**REQUIREMENT**
Images should be omitted while the rest of the data is duplicated exactly.

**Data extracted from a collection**
□ □ □ □

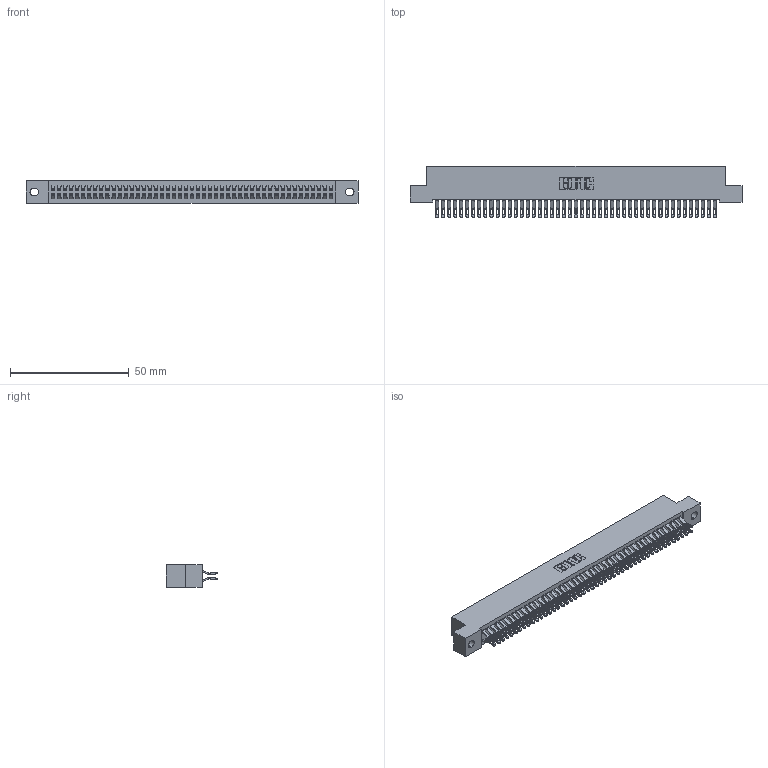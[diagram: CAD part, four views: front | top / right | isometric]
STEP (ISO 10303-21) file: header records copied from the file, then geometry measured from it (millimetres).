
FILE_DESCRIPTION (( 'STEP AP203' ), '1' );
FILE_NAME ('392-094-555-202.STEP', '2018-08-18T09:08:10', ( '' ), ( '' ), 'SwSTEP 2.0', 'SolidWorks 2016', '' );
FILE_SCHEMA (( 'CONFIG_CONTROL_DESIGN' ));
Length unit declared in the file: inch
Products named in the file (3): 342 Part_.128 Slot; 345-292-001_555 Tail; 392-094-555-202
Assembly tree (95 placements, depth 2):
  392-094-555-202
    342 Part_.128 Slot
    345-292-001_555 Tail  x94
Bounding box: 139.7 x 21.47 x 9.4 mm (x, y, z)
Volume: 12784.8 mm3; surface area: 21602.6 mm2
Topology: 95 solids, 95 shells, 5566 faces, 17513 edges, 11674 vertices
Faces by surface type: plane 3266, cylinder 2300
Entity records: 29919 total; most frequent: CARTESIAN_POINT 4988, ORIENTED_EDGE 4894, DIRECTION 4223, EDGE_CURVE 2447, LINE 2299, VECTOR 2299, VERTEX_POINT 1630, AXIS2_PLACEMENT_3D 962
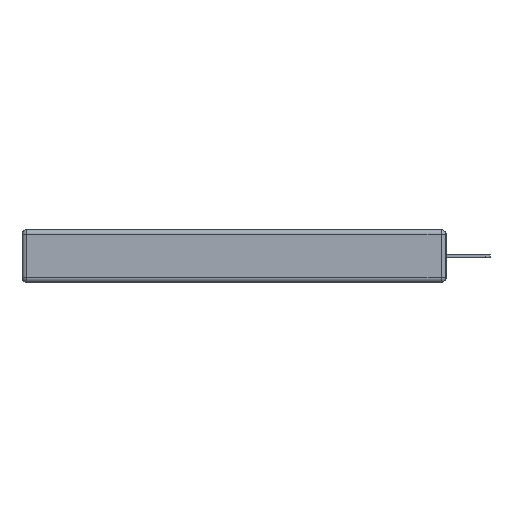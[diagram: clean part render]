
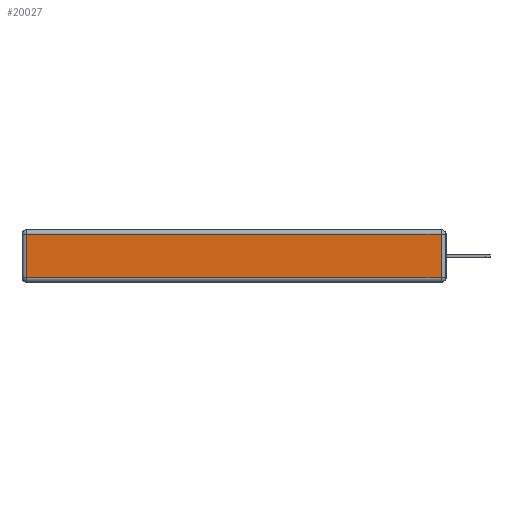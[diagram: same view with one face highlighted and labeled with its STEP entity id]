
A CAD part, left-side view. The second image highlights one B-rep face of the part: STEP entity #20027.
In plain terms, the highlighted planar face has unit normal (-1, 0, 0).
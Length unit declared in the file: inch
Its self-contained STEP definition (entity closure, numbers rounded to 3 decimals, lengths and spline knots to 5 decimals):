
#737 = VERTEX_POINT ( 'NONE', #9915 ) ;
#1229 = DIRECTION ( 'NONE',  ( 0., 0., -1. ) ) ;
#2094 = CARTESIAN_POINT ( 'NONE',  ( 0., 0.03, -0.313 ) ) ;
#2877 = VERTEX_POINT ( 'NONE', #12601 ) ;
#3298 = LINE ( 'NONE', #4908, #15899 ) ;
#4462 = ORIENTED_EDGE ( 'NONE', *, *, #9587, .T. ) ;
#4630 = AXIS2_PLACEMENT_3D ( 'NONE', #5800, #20575, #10771 ) ;
#4908 = CARTESIAN_POINT ( 'NONE',  ( 0., 2.75, -0.03 ) ) ;
#5800 = CARTESIAN_POINT ( 'NONE',  ( 0., 0., -0.343 ) ) ;
#6004 = VECTOR ( 'NONE', #14688, 39.37008 ) ;
#6624 = VECTOR ( 'NONE', #1229, 39.37008 ) ;
#7088 = ORIENTED_EDGE ( 'NONE', *, *, #15005, .T. ) ;
#7971 = ORIENTED_EDGE ( 'NONE', *, *, #14155, .T. ) ;
#8045 = EDGE_LOOP ( 'NONE', ( #7971, #7088, #4462, #19227 ) ) ;
#9132 = PLANE ( 'NONE',  #4630 ) ;
#9587 = EDGE_CURVE ( 'NONE', #2877, #21043, #3298, .T. ) ;
#9915 = CARTESIAN_POINT ( 'NONE',  ( 0., 2.72, -0.313 ) ) ;
#10771 = DIRECTION ( 'NONE',  ( 0., 0., 1. ) ) ;
#11085 = FACE_OUTER_BOUND ( 'NONE', #8045, .T. ) ;
#12520 = CARTESIAN_POINT ( 'NONE',  ( 0., 0., -0.313 ) ) ;
#12601 = CARTESIAN_POINT ( 'NONE',  ( 0., 0.03, -0.03 ) ) ;
#12694 = EDGE_CURVE ( 'NONE', #21043, #737, #19724, .T. ) ;
#12705 = CARTESIAN_POINT ( 'NONE',  ( 0., 2.72, -0.343 ) ) ;
#13309 = VERTEX_POINT ( 'NONE', #2094 ) ;
#13786 = LINE ( 'NONE', #12520, #17615 ) ;
#14155 = EDGE_CURVE ( 'NONE', #737, #13309, #13786, .T. ) ;
#14192 = DIRECTION ( 'NONE',  ( 0., -1., 0. ) ) ;
#14258 = LINE ( 'NONE', #19597, #6004 ) ;
#14688 = DIRECTION ( 'NONE',  ( 0., 0., 1. ) ) ;
#15005 = EDGE_CURVE ( 'NONE', #13309, #2877, #14258, .T. ) ;
#15089 = CARTESIAN_POINT ( 'NONE',  ( 0., 2.72, -0.03 ) ) ;
#15899 = VECTOR ( 'NONE', #18038, 39.37008 ) ;
#17615 = VECTOR ( 'NONE', #14192, 39.37008 ) ;
#18038 = DIRECTION ( 'NONE',  ( 0., 1., 0. ) ) ;
#19227 = ORIENTED_EDGE ( 'NONE', *, *, #12694, .T. ) ;
#19597 = CARTESIAN_POINT ( 'NONE',  ( 0., 0.03, -0.343 ) ) ;
#19724 = LINE ( 'NONE', #12705, #6624 ) ;
#20027 = ADVANCED_FACE ( 'NONE', ( #11085 ), #9132, .T. ) ;
#20575 = DIRECTION ( 'NONE',  ( -1., 0., 0. ) ) ;
#21043 = VERTEX_POINT ( 'NONE', #15089 ) ;

□ □ □ □

**TASK RESPONSE**
[diagram: CAD part, four views: front | top / right | isometric]
STEP (ISO 10303-21) file: header records copied from the file, then geometry measured from it (millimetres).
FILE_DESCRIPTION (( 'STEP AP203' ), '1' );
FILE_NAME ('392-094-555-202.STEP', '2018-08-18T09:08:10', ( '' ), ( '' ), 'SwSTEP 2.0', 'SolidWorks 2016', '' );
FILE_SCHEMA (( 'CONFIG_CONTROL_DESIGN' ));
Length unit declared in the file: inch
Products named in the file (3): 342 Part_.128 Slot; 345-292-001_555 Tail; 392-094-555-202
Assembly tree (95 placements, depth 2):
  392-094-555-202
    342 Part_.128 Slot
    345-292-001_555 Tail  x94
Bounding box: 139.7 x 21.47 x 9.4 mm (x, y, z)
Volume: 12784.8 mm3; surface area: 21602.6 mm2
Topology: 95 solids, 95 shells, 5566 faces, 17513 edges, 11674 vertices
Faces by surface type: plane 3266, cylinder 2300
Entity records: 29919 total; most frequent: CARTESIAN_POINT 4988, ORIENTED_EDGE 4894, DIRECTION 4223, EDGE_CURVE 2447, LINE 2299, VECTOR 2299, VERTEX_POINT 1630, AXIS2_PLACEMENT_3D 962
[diagram: clean part render]
[diagram: same view with one face highlighted and labeled with its STEP entity id]
A CAD part, left-side view. The second image highlights one B-rep face of the part: STEP entity #20027.
In plain terms, the highlighted planar face has unit normal (-1, 0, 0).
Length unit declared in the file: inch
Its self-contained STEP definition (entity closure, numbers rounded to 3 decimals, lengths and spline knots to 5 decimals):
#737 = VERTEX_POINT ( 'NONE', #9915 ) ;
#1229 = DIRECTION ( 'NONE',  ( 0., 0., -1. ) ) ;
#2094 = CARTESIAN_POINT ( 'NONE',  ( 0., 0.03, -0.313 ) ) ;
#2877 = VERTEX_POINT ( 'NONE', #12601 ) ;
#3298 = LINE ( 'NONE', #4908, #15899 ) ;
#4462 = ORIENTED_EDGE ( 'NONE', *, *, #9587, .T. ) ;
#4630 = AXIS2_PLACEMENT_3D ( 'NONE', #5800, #20575, #10771 ) ;
#4908 = CARTESIAN_POINT ( 'NONE',  ( 0., 2.75, -0.03 ) ) ;
#5800 = CARTESIAN_POINT ( 'NONE',  ( 0., 0., -0.343 ) ) ;
#6004 = VECTOR ( 'NONE', #14688, 39.37008 ) ;
#6624 = VECTOR ( 'NONE', #1229, 39.37008 ) ;
#7088 = ORIENTED_EDGE ( 'NONE', *, *, #15005, .T. ) ;
#7971 = ORIENTED_EDGE ( 'NONE', *, *, #14155, .T. ) ;
#8045 = EDGE_LOOP ( 'NONE', ( #7971, #7088, #4462, #19227 ) ) ;
#9132 = PLANE ( 'NONE',  #4630 ) ;
#9587 = EDGE_CURVE ( 'NONE', #2877, #21043, #3298, .T. ) ;
#9915 = CARTESIAN_POINT ( 'NONE',  ( 0., 2.72, -0.313 ) ) ;
#10771 = DIRECTION ( 'NONE',  ( 0., 0., 1. ) ) ;
#11085 = FACE_OUTER_BOUND ( 'NONE', #8045, .T. ) ;
#12520 = CARTESIAN_POINT ( 'NONE',  ( 0., 0., -0.313 ) ) ;
#12601 = CARTESIAN_POINT ( 'NONE',  ( 0., 0.03, -0.03 ) ) ;
#12694 = EDGE_CURVE ( 'NONE', #21043, #737, #19724, .T. ) ;
#12705 = CARTESIAN_POINT ( 'NONE',  ( 0., 2.72, -0.343 ) ) ;
#13309 = VERTEX_POINT ( 'NONE', #2094 ) ;
#13786 = LINE ( 'NONE', #12520, #17615 ) ;
#14155 = EDGE_CURVE ( 'NONE', #737, #13309, #13786, .T. ) ;
#14192 = DIRECTION ( 'NONE',  ( 0., -1., 0. ) ) ;
#14258 = LINE ( 'NONE', #19597, #6004 ) ;
#14688 = DIRECTION ( 'NONE',  ( 0., 0., 1. ) ) ;
#15005 = EDGE_CURVE ( 'NONE', #13309, #2877, #14258, .T. ) ;
#15089 = CARTESIAN_POINT ( 'NONE',  ( 0., 2.72, -0.03 ) ) ;
#15899 = VECTOR ( 'NONE', #18038, 39.37008 ) ;
#17615 = VECTOR ( 'NONE', #14192, 39.37008 ) ;
#18038 = DIRECTION ( 'NONE',  ( 0., 1., 0. ) ) ;
#19227 = ORIENTED_EDGE ( 'NONE', *, *, #12694, .T. ) ;
#19597 = CARTESIAN_POINT ( 'NONE',  ( 0., 0.03, -0.343 ) ) ;
#19724 = LINE ( 'NONE', #12705, #6624 ) ;
#20027 = ADVANCED_FACE ( 'NONE', ( #11085 ), #9132, .T. ) ;
#20575 = DIRECTION ( 'NONE',  ( -1., 0., 0. ) ) ;
#21043 = VERTEX_POINT ( 'NONE', #15089 ) ;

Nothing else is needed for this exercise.